2.1. Patients The 55 Korean adults (25 male, 30 female) were among the patients admitted to the department of oral and maxillofacial surgery at Pusan National University Dental Hospital between March 2012 and November 2012. They were selected for the study according to the following criteria: 1) Diagnosed with mandibular prognathism with or without facial asymmetry; 2) Underwent mandibular setback BSSRO with or without either Le Fort I osteotomy or genioplasty; 3) Available preoperative and postoperative cone-beam computed tomography (CBCT) images with 6 months follow-up; 4) No history of trauma or craniofacial syndrome. Written informed consent was obtained from all patients, and the study was approved by the Institutional Review Board at Pusan National University Dental Hospital, Yangsan, Korea. 2.2. Surgery All patients received orthodontic treatment before and after their operation. All patients underwent BSSRO using the modification known as the Obwegeser-Dal Pont sagittal split of the ramus. Thirty-three patients had 1-segment Le Fort I osteotomy with BSSRO. In these patients, stabilization of the maxilla was done using rigid fixation with titanium miniplates and screws. There were no cases of inferior repositioning of the maxilla included in this study. In all cases the proximal segment of the mandible was stripped of its pterygomasseteric sling at the inferior and posterior borders.

CBCT images (PaX-Zenith 3D; Vatech, Seoul, Korea) were taken for all patients before surgery (T0), three days after surgery (T1), and 6 months following surgery (T2). The subjects were in an upright position with maximum intercuspation; the Frankfort horizontal (FH) plane of subjects was parallel to the floor. Images were obtained using a CBCT scanner (DCT Pro, Vatech, Seoul, Korea). The machine settings were as follows: 20  19 cm field of view, 90 kVp tube voltage, 4.0 mA tube current, 24 s scan time.

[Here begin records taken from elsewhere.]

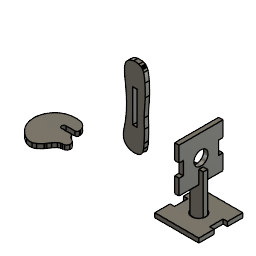
MORFY Test2 (Autodesk Fusion 360 design; units mm, degrees)
Autodesk Fusion 360 part; units mm, degrees
sketch "Sketch1" plane through (0, 0, 0) normal (0, 1, 0) x (1, 0, 0)
  line L0 (0, -100) -> (-100, -100)
  line L1 (-100, -100) -> (-100, 0)
  line L2 (-100, 0) -> (0, 0)
  line L3 (0, 0) -> (0, -100)
  circle A0 centre (-50, -50) radius 16
  line L4 (-130, 0) -> (-160, 0)
  line L5 (-160, 0) -> (-160, -100)
  line L6 (-160, -100) -> (-130, -100)
  line L7 (-130, -100) -> (-130, 0)
  line L8 (-140, -100) -> (-150, -100)
  line L9 (-150, -100) -> (-150, -70)
  line L10 (-150, -70) -> (-140, -70)
  line L11 (-140, -70) -> (-140, -100)
  line L12 (-50, -100) -> (-50, 0) construction
  line L13 (0, -65) -> (-10, -65)
  line L14 (-10, -65) -> (-10, -35)
  line L15 (-10, -35) -> (0, -35)
  line L16 (0, -35) -> (0, -65)
  line L17 (-90, -65) -> (-90, -35)
  line L18 (-100, -65) -> (-90, -65)
  line L19 (-100, -35) -> (-100, -65)
  line L20 (-90, -35) -> (-100, -35)
  line L21 (-190, 0) -> (-290, 0)
  line L22 (-290, 0) -> (-290, -200)
  line L23 (-290, -200) -> (-190, -200)
  line L24 (-190, -200) -> (-190, 0)
  line L25 (-235, -137.5) -> (-245, -137.5)
  line L26 (-245, -137.5) -> (-245, -62.5)
  line L27 (-245, -62.5) -> (-235, -62.5)
  line L28 (-235, -62.5) -> (-235, -137.5)
  line L29 (-240, -200) -> (-240, 0) construction
  line L30 (-235, -100) -> (-245, -100) construction
  line L31 (-320, 0) -> (-450, 0)
  line L32 (-450, 0) -> (-450, -120)
  line L33 (-450, -120) -> (-320, -120)
  line L34 (-320, -120) -> (-320, 0)
  line L35 (-320, -40) -> (-376.3022, -40)
  line L36 (-376.3022, -40) -> (-376.3022, -30)
  line L37 (-376.3022, -30) -> (-320, -30)
  line L38 (-320, -30) -> (-320, -40)
  dimension "d2" = 10
  dimension "d3" = 30
  dimension "d5" = 32
  dimension "d6" = 30
  dimension "d7" = 100
  dimension "d8" = 100
  dimension "d9" = 30
  dimension "d11" = 100
  dimension "d17" = 30
  dimension "d18" = 10
  dimension "d19" = 30
  dimension "d20" = 10
  dimension "d21" = 75
  dimension "d22" = 100
  dimension "d23" = 200
  dimension "d26" = 10
  constraint horizontal L0
  constraint vertical L1
  constraint horizontal L2
  constraint vertical L3
  constraint horizontal L4
  constraint vertical L5
  constraint horizontal L6
  constraint vertical L7
  constraint horizontal L8
  constraint vertical L9
  constraint horizontal L10
  constraint vertical L11
  constraint coincident L6 L8.start
  constraint midpoint L6 L8
  constraint midpoint L0 L12.start
  constraint midpoint L2 L12.end
  constraint midpoint A0.centre L12
  constraint coincident L2.end L3.start
  constraint collinear L2 L4
  constraint horizontal L13
  constraint vertical L14
  constraint horizontal L15
  constraint vertical L16
  constraint collinear L3 L16
  constraint midpoint L3 L16
  constraint symmetric L12 L13.start L18.start
  constraint symmetric L12 L13.end L17.start
  constraint symmetric L12 L14.end L17.end
  constraint symmetric L12 L15.end L19.start
  constraint horizontal L21
  constraint vertical L22
  constraint horizontal L23
  constraint vertical L24
  constraint horizontal L25
  constraint vertical L26
  constraint horizontal L27
  constraint vertical L28
  constraint midpoint L23 L29.start
  constraint midpoint L21 L29.end
  constraint midpoint L28 L30.start
  constraint midpoint L26 L30.end
  constraint midpoint L29 L30
  constraint horizontal L31
  constraint vertical L32
  constraint horizontal L33
  constraint vertical L34
  constraint horizontal L35
  constraint vertical L36
  constraint horizontal L37
  constraint vertical L38
  constraint coincident L34 L35.start
  measures "d2" distance of L9 L11
  measures "d3" distance of L4.start L4.end
  measures "d5" diameter of A0
  measures "d6" distance of L6 L10
  measures "d7" distance of L0.start L0.end
  measures "d8" distance of L0.end L1.end
  measures "d9" distance of L1 L7
  measures "d11" distance of L4.end L5.end
  measures "d17" distance of L13.start L15.end
  measures "d18" distance of L14.end L15.end
  measures "d19" distance of L5 L24
  measures "d20" distance of L25.start L25.end
  measures "d21" distance of L25.end L26.end
  measures "d22" distance of L22.end L23.end
  measures "d23" distance of L21.end L22.end
  measures "d26" distance of L35.start L37.end
extrude "Extrude1" add sketch "Sketch1" along normal blind 10 contours L0 L1 L2 L3 L13 L14 L15 L17 L18 L20 makes body 1
extrude "Extrude2" add sketch "Sketch1" along normal blind 10 separate body contours L4 L5 L6 L7 L9 L10 L11 makes body 2
move_body "Align1" bodies 2 to x (1, 0, 0) y (0, 0, -1) z (0, 1, 0) at (95, 0, 55)
copy_body "CopyPasteBodies1" bodies 1 makes body 3
move_body "Move1" bodies 3 to x (1, 0, 0) y (0, 0, -1) z (0, 1, 0) at (0, 0, 0)
move_body "Align2" bodies 3 to x (0, 0, -1) y (0, 1, 0) z (1, 0, 0) at (-45, 70, 0)
extrude "Extrude3" add sketch "Sketch1" along normal blind 10 separate body contours L21 L22 L23 L24 makes body 4
move_body "Align3" bodies 4 to x (1, 0, 0) y (0, 0, -1) z (0, 1, 0) at (0, 0, 5)
extrude "Extrude4" add sketch "Sketch1" along normal blind 10 separate body contours L31 L32 L33 L34 L35 L36 L37 makes body 5
sketch "Sketch2" plane through (0, 10, 0) normal (0, 1, 0) x (-1, 0, 0)
  line L0 (376.3022, 30) -> (320, 30)
  line L1 (320, 30) -> (320, 0)
  line L2 (320, 0) -> (450, 0)
  line L3 (450, 0) -> (450, 120)
  line L4 (450, 120) -> (320, 120)
  line L5 (320, 120) -> (320, 40)
  line L6 (320, 40) -> (376.3022, 40)
  line L7 (376.3022, 40) -> (376.3022, 30)
  spline S0 degree 3 poles (376.6557, 102.6391) (371.512, 101.3631) (367.0355, 98.0484) (363.3439, 94.3509) knots 0 0 0 0 1 1 1 1
  arc A0 (357.5062, 86.8758) -> (363.3439, 94.3509) centre (391.0598, 66.6885) cw
  arc A1 (357.5062, 86.8758) -> (352.8708, 80.0647) centre (299.0773, 121.6578) cw
  spline S1 degree 3 poles (352.8708, 80.0647) (350.995, 77.6748) (348.9939, 75.2362) (346.5637, 73.3838) knots 0 0 0 0 1 1 1 1
  arc A2 (346.5637, 73.3838) -> (342.1805, 71.337) centre (340.1279, 81.4496) cw
  spline S2 degree 3 poles (342.1805, 71.337) (340.8347, 71.0786) (339.4807, 71.2387) (338.1272, 71.0535) knots 0 0 0 0 1 1 1 1
  arc A3 (333.7152, 69.513) -> (338.1272, 71.0535) centre (339.4277, 60.2412) cw
  arc A4 (328.8829, 62.0589) -> (333.7152, 69.513) centre (339.22, 60.6509) cw
  spline S3 degree 3 poles (328.8829, 62.0589) (328.4961, 58.9796) (329.5175, 55.8298) (331.4461, 53.4285) knots 0 0 0 0 1 1 1 1
  spline S4 degree 3 poles (331.4461, 53.4285) (333.4728, 50.9023) (336.504, 49.5696) (339.247, 47.9992) knots 0 0 0 0 1 1 1 1
  spline S5 degree 3 poles (339.247, 47.9992) (340.6143, 47.2137) (341.9457, 46.3557) (343.032, 45.1963) knots 0 0 0 0 1 1 1 1
  arc A5 (343.032, 45.1963) -> (345.256, 41.0861) centre (336.0059, 38.7378) cw
  spline S6 degree 3 poles (345.256, 41.0861) (346.1709, 37.6717) (345.5238, 34.1527) (345.0459, 30.7335) knots 0 0 0 0 1 1 1 1
  arc A6 (344.6581, 25.2687) -> (345.0459, 30.7335) centre (375.3684, 25.8356) cw
  arc A7 (345.3164, 20.7535) -> (344.6581, 25.2687) centre (366.9426, 26.2119) cw
  arc A8 (356.758, 5.7778) -> (345.3164, 20.7535) centre (368.6021, 26.6855) cw
  spline S7 degree 3 poles (356.758, 5.7778) (362.7758, 2.4342) (369.792, 2.2853) (376.5141, 2.3167) knots 0 0 0 0 1 1 1 1
  arc A9 (390.6655, 4.1292) -> (376.5141, 2.3167) centre (376.6607, 57.3233) cw
  arc A10 (418.8695, 26.6863) -> (390.6655, 4.1292) centre (379.375, 47.1569) cw
  arc A11 (423.7295, 39.7127) -> (418.8695, 26.6863) centre (370.1284, 52.2909) cw
  arc A12 (425.0435, 48.041) -> (423.7295, 39.7127) centre (373.0533, 51.9756) cw
  arc A13 (424.9885, 53.5505) -> (425.0435, 48.041) centre (385.4607, 50.4014) cw
  arc A14 (422.6135, 66.1543) -> (424.9885, 53.5505) centre (369.8994, 49.6952) cw
  arc A15 (414.6238, 81.9198) -> (422.6135, 66.1543) centre (372.037, 50.4304) cw
  arc A16 (408.5747, 88.7752) -> (414.6238, 81.9198) centre (368.1995, 47.0519) cw
  arc A17 (398.0991, 97.2768) -> (408.5747, 88.7752) centre (360.5548, 40.3108) cw
  spline S8 degree 3 poles (398.0991, 97.2768) (393.8305, 100.0641) (389.0443, 102.3299) (383.9447, 102.9869) knots 0 0 0 0 1 1 1 1
  arc A18 (376.6536, 102.6314) -> (383.9447, 102.9869) centre (381.2636, 83.0288) cw
  spline S9 degree 3 poles (376.6536, 102.6314) (375.8256, 102.4342) (376.1738, 101.1576) (377.0025, 101.3574) knots 0 0 0 0 1 1 1 1
  spline S10 degree 3 poles (377.0025, 101.3574) (381.8213, 102.515) (386.8366, 101.4615) (391.2962, 99.4996) knots 0 0 0 0 1 1 1 1
  spline S11 degree 3 poles (391.2962, 99.4996) (395.7558, 97.5377) (399.7961, 94.7267) (403.5, 91.6004) knots 0 0 0 0 1 1 1 1
  arc A19 (403.5, 91.6004) -> (410.6819, 84.6688) centre (356.0679, 35.2687) cw
  arc A20 (410.6819, 84.6688) -> (418.55, 72.8557) centre (373.3041, 51.2467) cw
  arc A21 (418.55, 72.8557) -> (423.0525, 58.6026) centre (370.3385, 49.7882) cw
  arc A22 (423.0525, 58.6026) -> (423.7774, 49.6951) centre (374.0376, 50.1304) cw
  spline S12 degree 3 poles (423.7774, 49.6951) (423.7697, 49.1246) (423.7474, 48.5609) (423.7096, 47.9903) knots 0 0 0 0 1 1 1 1
  spline S13 degree 3 poles (423.7096, 47.9903) (423.6775, 47.5332) (423.6345, 47.0764) (423.5883, 46.6176) knots 0 0 0 0 1 1 1 1
  spline S14 degree 3 poles (423.5883, 46.6176) (423.515, 45.9251) (423.4677, 45.5543) (423.372, 44.9006) knots 0 0 0 0 1 1 1 1
  arc A23 (423.372, 44.9006) -> (420.6414, 33.9634) centre (367.6494, 53.0032) cw
  arc A24 (420.6414, 33.9634) -> (413.3804, 20.5943) centre (374.786, 50.2117) cw
  arc A25 (413.3804, 20.5943) -> (399.1053, 8.7923) centre (379.6025, 46.9163) cw
  arc A26 (399.1053, 8.7923) -> (382.2455, 3.9255) centre (377.7999, 50.9625) cw
  spline S15 degree 3 poles (382.2455, 3.9255) (380.3033, 3.731) (378.3496, 3.6464) (376.3952, 3.6414) knots 0 0 0 0 1 1 1 1
  spline S16 degree 3 poles (376.3952, 3.6414) (373.3248, 3.6424) (370.2289, 3.6502) (367.1779, 3.9993) knots 0 0 0 0 1 1 1 1
  spline S17 degree 3 poles (367.1779, 3.9993) (363.6368, 4.4003) (360.1406, 5.3371) (357.0467, 7.1412) knots 0 0 0 0 1 1 1 1
  arc A27 (357.0467, 7.1412) -> (349.9077, 13.8038) centre (368.2855, 26.3397) cw
  arc A28 (349.9077, 13.8038) -> (346.392, 22.0074) centre (368.6705, 26.7001) cw
  spline S18 degree 3 poles (346.392, 22.0074) (345.686, 25.4041) (346.0944, 28.7378) (346.581, 32.1383) knots 0 0 0 0 1 1 1 1
  spline S19 degree 3 poles (346.581, 32.1383) (347.0453, 35.4351) (347.412, 38.8484) (346.3439, 42.0792) knots 0 0 0 0 1 1 1 1
  arc A29 (343.9732, 46.1329) -> (346.3439, 42.0792) centre (336.0538, 38.7815) cw
  arc A30 (340.3078, 48.912) -> (343.9732, 46.1329) centre (332.347, 34.6053) cw
  spline S20 degree 3 poles (340.3078, 48.912) (337.6368, 50.485) (334.6236, 51.7115) (332.5733, 54.129) knots 0 0 0 0 1 1 1 1
  spline S21 degree 3 poles (332.5733, 54.129) (330.676, 56.3713) (329.7148, 59.5515) (330.2751, 62.4501) knots 0 0 0 0 1 1 1 1
  arc A31 (330.2751, 62.4501) -> (335.5719, 69.01) centre (339.3201, 60.5652) cw
  arc A32 (335.5719, 69.01) -> (339.6905, 69.8238) centre (339.5084, 59.9169) cw
  arc A33 (343.2167, 70.2157) -> (339.6905, 69.8238) centre (339.9467, 83.5798) cw
  spline S22 degree 3 poles (343.2167, 70.2157) (344.9644, 70.676) (346.5059, 71.6243) (347.8953, 72.7613) knots 0 0 0 0 1 1 1 1
  spline S23 degree 3 poles (347.8953, 72.7613) (350.3244, 74.7428) (352.3351, 77.2171) (354.2448, 79.6829) knots 0 0 0 0 1 1 1 1
  arc A34 (358.6744, 86.2368) -> (354.2448, 79.6829) centre (298.1579, 122.3635) cw
  spline S24 degree 3 poles (358.6744, 86.2368) (359.2158, 87.1327) (359.7685, 88.02) (360.3701, 88.875) knots 0 0 0 0 1 1 1 1
  spline S25 degree 3 poles (360.3701, 88.875) (360.5357, 89.1045) (360.7013, 89.3341) (360.8787, 89.5769) knots 0 0 0 0 1 1 1 1
  line L8 (360.8787, 89.5769) -> (361.0093, 89.7474)
  spline S26 degree 3 poles (361.0093, 89.7474) (360.8905, 89.5902) (361.0663, 89.817) (361.1214, 89.8899) knots 0 0 0 0 1 1 1 1
  arc A35 (361.1214, 89.8899) -> (369.8963, 98.1036) centre (391.8914, 65.8119) cw
  arc A36 (369.8963, 98.1036) -> (376.9943, 101.3678) centre (382.8335, 79.3209) cw
  spline S27 degree 3 poles (376.9943, 101.3678) (377.8314, 101.5681) (377.4832, 102.8447) (376.6557, 102.6391) knots 0 0 0 0 1 1 1 1
extrude "Extrude5" cut sketch "Sketch2" against normal up to surface (10 mm away) contours L0 L6 L7 S9 S10 S11 A19 A20 A21 A22 S12 S13 S14 A23 A24 A25 A26 S15 S16 S17 A27 A28 S18 S19 A29 A30 S20 S21 A31 A32 A33 S22 S23 A34 S24 S25 L8 S26 A35 A36 keep common part bodies 5
fillet "Fillet1" radius 5 4 edges at (-346.2939, 5, 30) (-346.8429, 5, 40) (-376.3022, 5, 30) (-376.3022, 5, 40) on bodies 5
sketch "Sketch3" plane through (0, 0, -5) normal (0, 0, -1) x (-1, 0, 0)
  line L0 (245, 62.5) -> (235, 62.5)
  line L1 (235, 62.5) -> (235, 137.5)
  line L2 (235, 137.5) -> (245, 137.5)
  line L3 (245, 137.5) -> (245, 62.5)
  line L4 (190, 200) -> (190, 0)
  line L5 (190, 0) -> (290, 0)
  line L6 (290, 0) -> (290, 200)
  line L7 (290, 200) -> (190, 200)
  arc A0 (231.0803, 191.0905) -> (255.6552, 187.0617) centre (238.751, 160.9144) cw
  spline S0 degree 3 poles (231.0803, 191.0905) (226.8847, 189.9814) (222.8559, 187.783) (220.4416, 184.0831) knots 0 0 0 0 1 1 1 1
  spline S1 degree 3 poles (220.4416, 184.0831) (218.0273, 180.3831) (217.0753, 175.7949) (216.3491, 171.5159) knots 0 0 0 0 1 1 1 1
  spline S2 degree 3 poles (216.3491, 171.5159) (214.8426, 162.5997) (214.4157, 153.4773) (214.1605, 144.4531) knots 0 0 0 0 1 1 1 1
  spline S3 degree 3 poles (214.1605, 144.4531) (213.9249, 136.1601) (214.0623, 127.867) (214.6512, 119.5887) knots 0 0 0 0 1 1 1 1
  spline S4 degree 3 poles (214.6512, 119.5887) (215.1125, 113.0916) (215.8142, 106.6093) (216.2166, 100.1025) knots 0 0 0 0 1 1 1 1
  arc A1 (216.2166, 100.1025) -> (216.3393, 75.2528) centre (-14.0194, 86.5407) cw
  spline S5 degree 3 poles (216.3393, 75.2528) (216.0007, 67.8626) (215.7553, 60.4872) (215.981, 53.0824) knots 0 0 0 0 1 1 1 1
  spline S6 degree 3 poles (215.981, 53.0824) (216.1381, 47.8465) (216.4717, 42.6155) (216.8643, 37.3796) knots 0 0 0 0 1 1 1 1
  spline S7 degree 3 poles (216.8643, 37.3796) (217.1538, 33.4539) (217.4875, 29.5576) (218.1549, 25.6957) knots 0 0 0 0 1 1 1 1
  spline S8 degree 3 poles (218.1549, 25.6957) (219.0971, 20.234) (220.9176, 14.9344) (225.4861, 11.465) knots 0 0 0 0 1 1 1 1
  spline S9 degree 3 poles (225.4861, 11.465) (231.3747, 7.0486) (239.3831, 6.1751) (246.469, 7.2792) knots 0 0 0 0 1 1 1 1
  spline S10 degree 3 poles (246.469, 7.2792) (253.7561, 8.4128) (261.1904, 11.995) (265.2143, 18.3792) knots 0 0 0 0 1 1 1 1
  spline S11 degree 3 poles (265.2143, 18.3792) (269.7779, 25.573) (269.1939, 34.6708) (267.8837, 42.7185) knots 0 0 0 0 1 1 1 1
  spline S12 degree 3 poles (267.8837, 42.7185) (267.1967, 46.9632) (266.2349, 51.1588) (265.4302, 55.3838) knots 0 0 0 0 1 1 1 1
  spline S13 degree 2 poles (265.4302, 55.3838) (264.0415, 62.9163) (263.1533, 70.5223) knots 0 0 0 1 1 1
  spline S14 degree 3 poles (263.1533, 70.5223) (261.1904, 87.6973) (261.2787, 104.9949) (262.7558, 122.1993) knots 0 0 0 0 1 1 1 1
  spline S15 degree 3 poles (262.7558, 122.1993) (263.3397, 128.976) (264.12, 135.7381) (264.8659, 142.5001) knots 0 0 0 0 1 1 1 1
  spline S16 degree 3 poles (264.8659, 142.5001) (265.4793, 148.0697) (266.0877, 153.654) (266.2742, 159.2579) knots 0 0 0 0 1 1 1 1
  spline S17 degree 3 poles (266.2742, 159.2579) (266.5441, 167.5706) (265.862, 176.6635) (260.101, 183.1802) knots 0 0 0 0 1 1 1 1
  arc A2 (255.6306, 187.0323) -> (260.101, 183.1802) centre (242.9117, 167.7518) cw
  spline S18 degree 3 poles (255.6306, 187.0323) (254.3155, 187.9156) (253.0887, 185.7908) (254.394, 184.9124) knots 0 0 0 0 1 1 1 1
  arc A3 (254.394, 184.9124) -> (258.5896, 181.1879) centre (243.0847, 167.9473) cw
  spline S19 degree 3 poles (258.5896, 181.1879) (258.9184, 180.8051) (259.0362, 180.6579) (259.2423, 180.3782) knots 0 0 0 0 1 1 1 1
  spline S20 degree 3 poles (259.2423, 180.3782) (259.5318, 179.9856) (259.8115, 179.5832) (260.0716, 179.171) knots 0 0 0 0 1 1 1 1
  arc A4 (260.0716, 179.171) -> (261.3573, 176.8009) centre (242.7796, 168.2574) cw
  arc A5 (261.3573, 176.8009) -> (261.8136, 175.7312) centre (251.0598, 171.7758) cw
  spline S21 degree 3 poles (261.8136, 175.7312) (261.9805, 175.2993) (262.1326, 174.8626) (262.2749, 174.4209) knots 0 0 0 0 1 1 1 1
  arc A6 (262.2749, 174.4209) -> (263.011, 171.6582) centre (235.3513, 165.7683) cw
  arc A7 (263.011, 171.6582) -> (263.7765, 165.593) centre (227.5288, 164.099) cw
  arc A8 (263.7765, 165.593) -> (263.2858, 150.8716) centre (160.9642, 161.6512) cw
  spline S22 degree 3 poles (263.2858, 150.8716) (262.7411, 144.7966) (261.9952, 138.7412) (261.3229, 132.676) knots 0 0 0 0 1 1 1 1
  spline S23 degree 3 poles (261.3229, 132.676) (259.6643, 117.1989) (258.6927, 101.663) (259.4288, 86.0975) knots 0 0 0 0 1 1 1 1
  arc A9 (262.6037, 57.2534) -> (259.4288, 86.0975) centre (493.4438, 97.2591) cw
  spline S24 degree 3 poles (262.6037, 57.2534) (264.0415, 48.9702) (266.4361, 40.6821) (266.3331, 32.2271) knots 0 0 0 0 1 1 1 1
  spline S25 degree 3 poles (266.3331, 32.2271) (266.2889, 28.3357) (265.6559, 24.3757) (263.8108, 20.8965) knots 0 0 0 0 1 1 1 1
  arc A10 (263.8108, 20.8965) -> (256.4501, 13.3739) centre (246.7128, 30.2641) cw
  arc A11 (256.4501, 13.3739) -> (235.6439, 9.7721) centre (241.1897, 39.6316) cw
  spline S26 degree 3 poles (235.6439, 9.7721) (230.0007, 10.8516) (224.8482, 13.7419) (222.4781, 19.0514) knots 0 0 0 0 1 1 1 1
  spline S27 degree 3 poles (222.4781, 19.0514) (221.3249, 21.6326) (220.7459, 24.5425) (220.3091, 27.3445) knots 0 0 0 0 1 1 1 1
  spline S28 degree 3 poles (220.3091, 27.3445) (219.7105, 31.2162) (219.4258, 35.1419) (219.1559, 39.0529) knots 0 0 0 0 1 1 1 1
  spline S29 degree 3 poles (219.1559, 39.0529) (218.5082, 48.3764) (218.1107, 57.7) (218.3953, 67.0579) knots 0 0 0 0 1 1 1 1
  spline S30 degree 3 poles (218.3953, 67.0579) (218.6211, 74.4186) (219.0971, 81.7498) (219.0235, 89.1154) knots 0 0 0 0 1 1 1 1
  spline S31 degree 3 poles (219.0235, 89.1154) (218.8861, 102.718) (216.9281, 116.2028) (216.5699, 129.7906) knots 0 0 0 0 1 1 1 1
  arc A12 (216.5699, 129.7906) -> (217.2765, 158.1784) centre (497.4595, 137.0014) cw
  spline S32 degree 3 poles (217.2765, 158.1784) (217.7672, 164.6754) (218.3168, 171.3687) (220.2208, 177.6253) knots 0 0 0 0 1 1 1 1
  arc A13 (220.2208, 177.6253) -> (222.2376, 182.3558) centre (238.6742, 172.5529) cw
  spline S33 degree 3 poles (222.2376, 182.3558) (222.4192, 182.66) (222.6106, 182.9594) (222.8167, 183.2489) knots 0 0 0 0 1 1 1 1
  spline S34 degree 3 poles (222.8167, 183.2489) (222.9099, 183.3863) (223.0129, 183.5188) (223.1111, 183.6513) knots 0 0 0 0 1 1 1 1
  spline S35 degree 3 poles (223.1111, 183.6513) (222.8952, 183.3667) (223.2141, 183.774) (223.273, 183.8427) knots 0 0 0 0 1 1 1 1
  arc A14 (223.273, 183.8427) -> (224.5587, 185.1578) centre (232.8394, 175.7764) cw
  line L8 (224.5587, 185.1578) -> (224.8629, 185.4129)
  spline S36 degree 3 poles (224.8629, 185.4129) (224.9365, 185.4718) (225.3242, 185.7712) (225.0003, 185.5258) knots 0 0 0 0 1 1 1 1
  spline S37 degree 3 poles (225.0003, 185.5258) (225.4027, 185.83) (225.8149, 186.1196) (226.2467, 186.3895) knots 0 0 0 0 1 1 1 1
  arc A15 (226.2467, 186.3895) -> (231.2324, 188.5682) centre (236.4245, 169.8934) cw
  arc A16 (231.2324, 188.5682) -> (243.1224, 189.2405) centre (238.7045, 161.8943) cw
  arc A17 (243.1224, 189.2405) -> (254.4088, 184.9516) centre (238.8856, 161.0962) cw
  spline S38 degree 3 poles (254.4088, 184.9516) (255.7386, 184.0684) (256.9654, 186.1931) (255.6552, 187.0617) knots 0 0 0 0 1 1 1 1
extrude "Extrude6" cut sketch "Sketch3" against normal up to surface (10 mm away) contours S18 A3 S19 S20 A4 A5 S21 A6 A7 A8 S22 S23 A9 S24 S25 A10 A11 S26 S27 S28 S29 S30 S31 A12 S32 A13 S33 S34 S35 A14 L8 S36 S37 A15 A16 A17 keep common part bodies 4
equation "espressura = 10 mm"
equation "d2 = espressura"
equation "d3 = diameter"
equation "diameter = 30 mm"
equation "d5 = diameter + plus"
equation "d6 = diameter"
equation "d8 = d7"
equation "d9 = distance"
equation "distance = 30 mm"
equation "d11 = d7"
equation "d12 = espressura"
equation "d14 = espressura"
equation "plus = 2 mm"
equation "d17 = diameter"
equation "d18 = espressura"
equation "d19 = distance"
equation "d20 = espressura"
equation "d21 = d11 - ( d11 / 4 )"
equation "d24 = espressura"
equation "d26 = espressura"
equation "d27 = espressura"

To investigate the skeletal changes, the CBCT data was reconstructed with 3D imaging software (SimPlant 3-D Pro; Materialize, Leuven, Belgium). 2.4. CBCT analysis In this study, images were analyzed by the same investigator with preset reference points and planes (Table 1). To evaluate the horizontal and vertical movement of mandible, the distances from the FH plane and Na-perpendicular plane to point B, pogonion (Pog), and the menton (Me) were measured. Angular changes of the condyle in the axial, coronal, and sagittal images were also measured according to the method of Park et al. (2012). The axial condylar axis angle was defined as the angle between the axial condylar axis and the midsagittal plane. The axial condylar axis was drawn from the condylar lateral pole (outermost part) to the medial pole (innermost part) in the greatest mediolateral dimension of the condylar head (Fig. 3A). The coronal condylar axis angle was defined as the angle between the coronal condylar axis and the FH plane. The coronal condylar axis was drawn along the ramus from the condylar neck to the center of condyle in the slice showing the greatest mediolateral dimension of the condylar head (Fig. 3B). The sagittal condylar axis angle was defined as the angle between the sagittal condylar axis and the FH plane. The sagittal

Fig. 1. Diagrams of three different fixation methods: (A) Sliding plate, (B) Miniplate, (C) Bicortical screws.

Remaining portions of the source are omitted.